§ **Task to carry out**: Write out exactly, please, every line from the beginning of the entries to the line holding "# Sketch2 → Boss-Extrude1 (new body)", and no pictures.

--- START ---

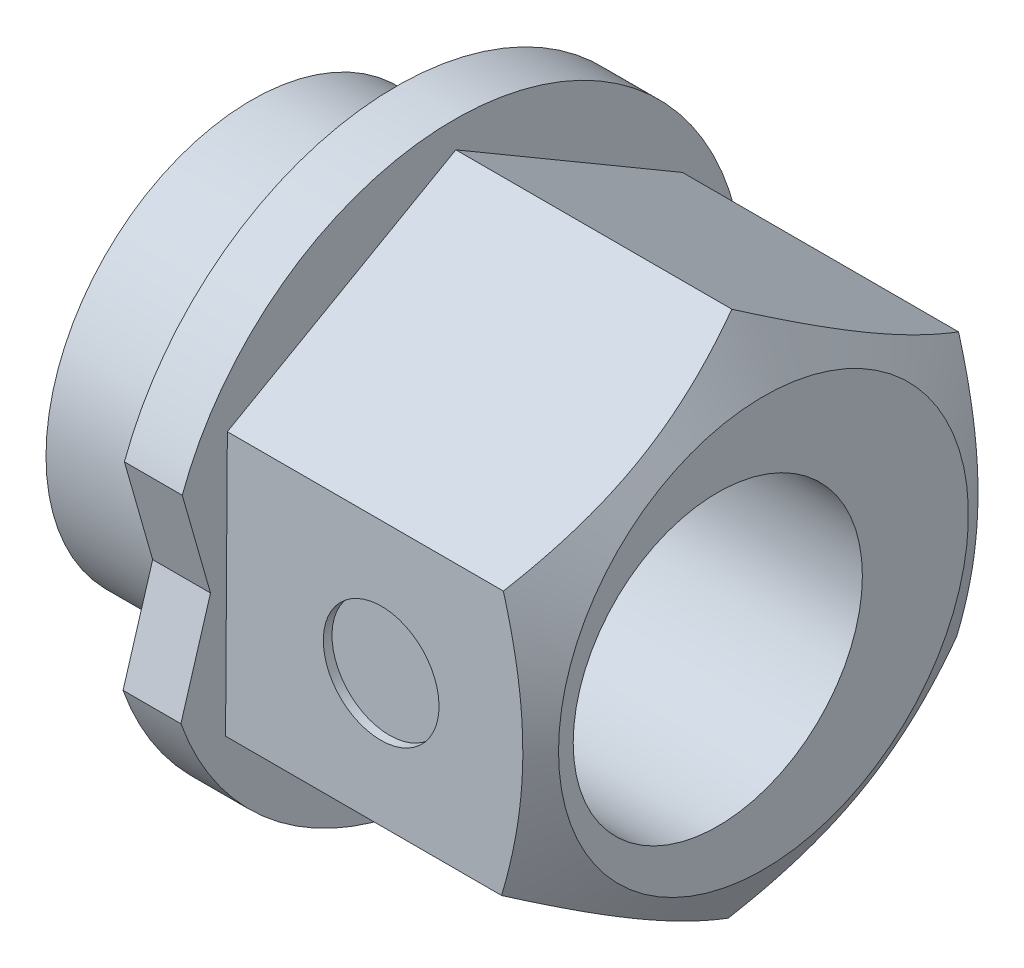
from build123d import *

# Parameters (mm, degrees)
BOSS_EXTRUDE1_DEPTH = 5.35
BOSS_EXTRUDE3_DEPTH = 1
SKETCH4_R           = 3.555
BOSS_EXTRUDE4_DEPTH = 2.5
SKETCH5_R           = 1
CUT_EXTRUDE3_DEPTH  = 0.15
SKETCH3_R           = 2.5
CUT_EXTRUDE5_DEPTH  = 12.336785259


with BuildPart() as part:
    # Sketch2 → Boss-Extrude1 (new body)
    with BuildSketch(Plane(origin=(0, 0, 0), x_dir=(0, 0, -1), z_dir=(1, 0, 0))):
        Polygon((3.919437566, -2.29861752), (3.950379949, 2.245023741), (0.030942383, 4.54364126), (-3.919437566, 2.29861752), (-3.950379949, -2.245023741), (-0.030942383, -4.54364126), align=None)
    extrude(amount=BOSS_EXTRUDE1_DEPTH)

    # Sketch6 → Boss-Extrude3 (add)
    with BuildSketch(Plane.ZY):
        with BuildLine():
            Line((4.699218, 1.737080939), (4.210840713, 0.028675997))
            Line((4.210840713, 0.028675997), (4.722440239, -1.672919061))
            ThreePointArc((4.722440239, -1.672919061), (-5.009883831, -0.034117514), (4.699218, 1.737080939))
        make_face()
    extrude(amount=BOSS_EXTRUDE3_DEPTH)

    # Sketch4 → Boss-Extrude4 (add)
    with BuildSketch(Plane.ZY.offset(1)):
        Circle(SKETCH4_R)
    extrude(amount=BOSS_EXTRUDE4_DEPTH)

    # Sketch5 → Cut-Extrude3 (cut)
    with BuildSketch(Plane(origin=(0, 0.02679689, 3.934908757), x_dir=(1, 0, 0), z_dir=(0, -0.006809882993303443, -0.9999768124779782))):
        with Locations(Location((2.675, 0, 0), (0, 0, 90))):
            Circle(SKETCH5_R)
    extrude(amount=CUT_EXTRUDE3_DEPTH, mode=Mode.SUBTRACT)

    # Sketch3 → Cut-Extrude5 (cut, through all)
    with BuildSketch(Plane.ZY.offset(3.5)):
        with Locations((0.79, 0)):
            Circle(SKETCH3_R)
    extrude(amount=-CUT_EXTRUDE5_DEPTH, mode=Mode.SUBTRACT)

    # Sketch7 → Cut-Revolve1 (revolve, cut)
    with BuildSketch(Plane.XY, mode=Mode.PRIVATE) as cut_revolve1_sk:
        Polygon((4.772649731, 4.54364126), (5.35, 3.54364126), (9.772649731, 3.54364126), (9.772649731, 8.54364126), (4.772649731, 8.54364126), align=None)
    revolve(cut_revolve1_sk.sketch.rotate(Axis((0, 0, 0), (1, 0, 0)), 90), axis=Axis((0, 0, 0), (1, 0, 0)), mode=Mode.SUBTRACT)


solid = part.part

--- END ---

§ **Exercise solution**:
from build123d import *

# Parameters (mm, degrees)
BOSS_EXTRUDE1_DEPTH = 5.35
BOSS_EXTRUDE3_DEPTH = 1
SKETCH4_R           = 3.555
BOSS_EXTRUDE4_DEPTH = 2.5
SKETCH5_R           = 1
CUT_EXTRUDE3_DEPTH  = 0.15
SKETCH3_R           = 2.5
CUT_EXTRUDE5_DEPTH  = 12.336785259


with BuildPart() as part:
    # Sketch2 → Boss-Extrude1 (new body)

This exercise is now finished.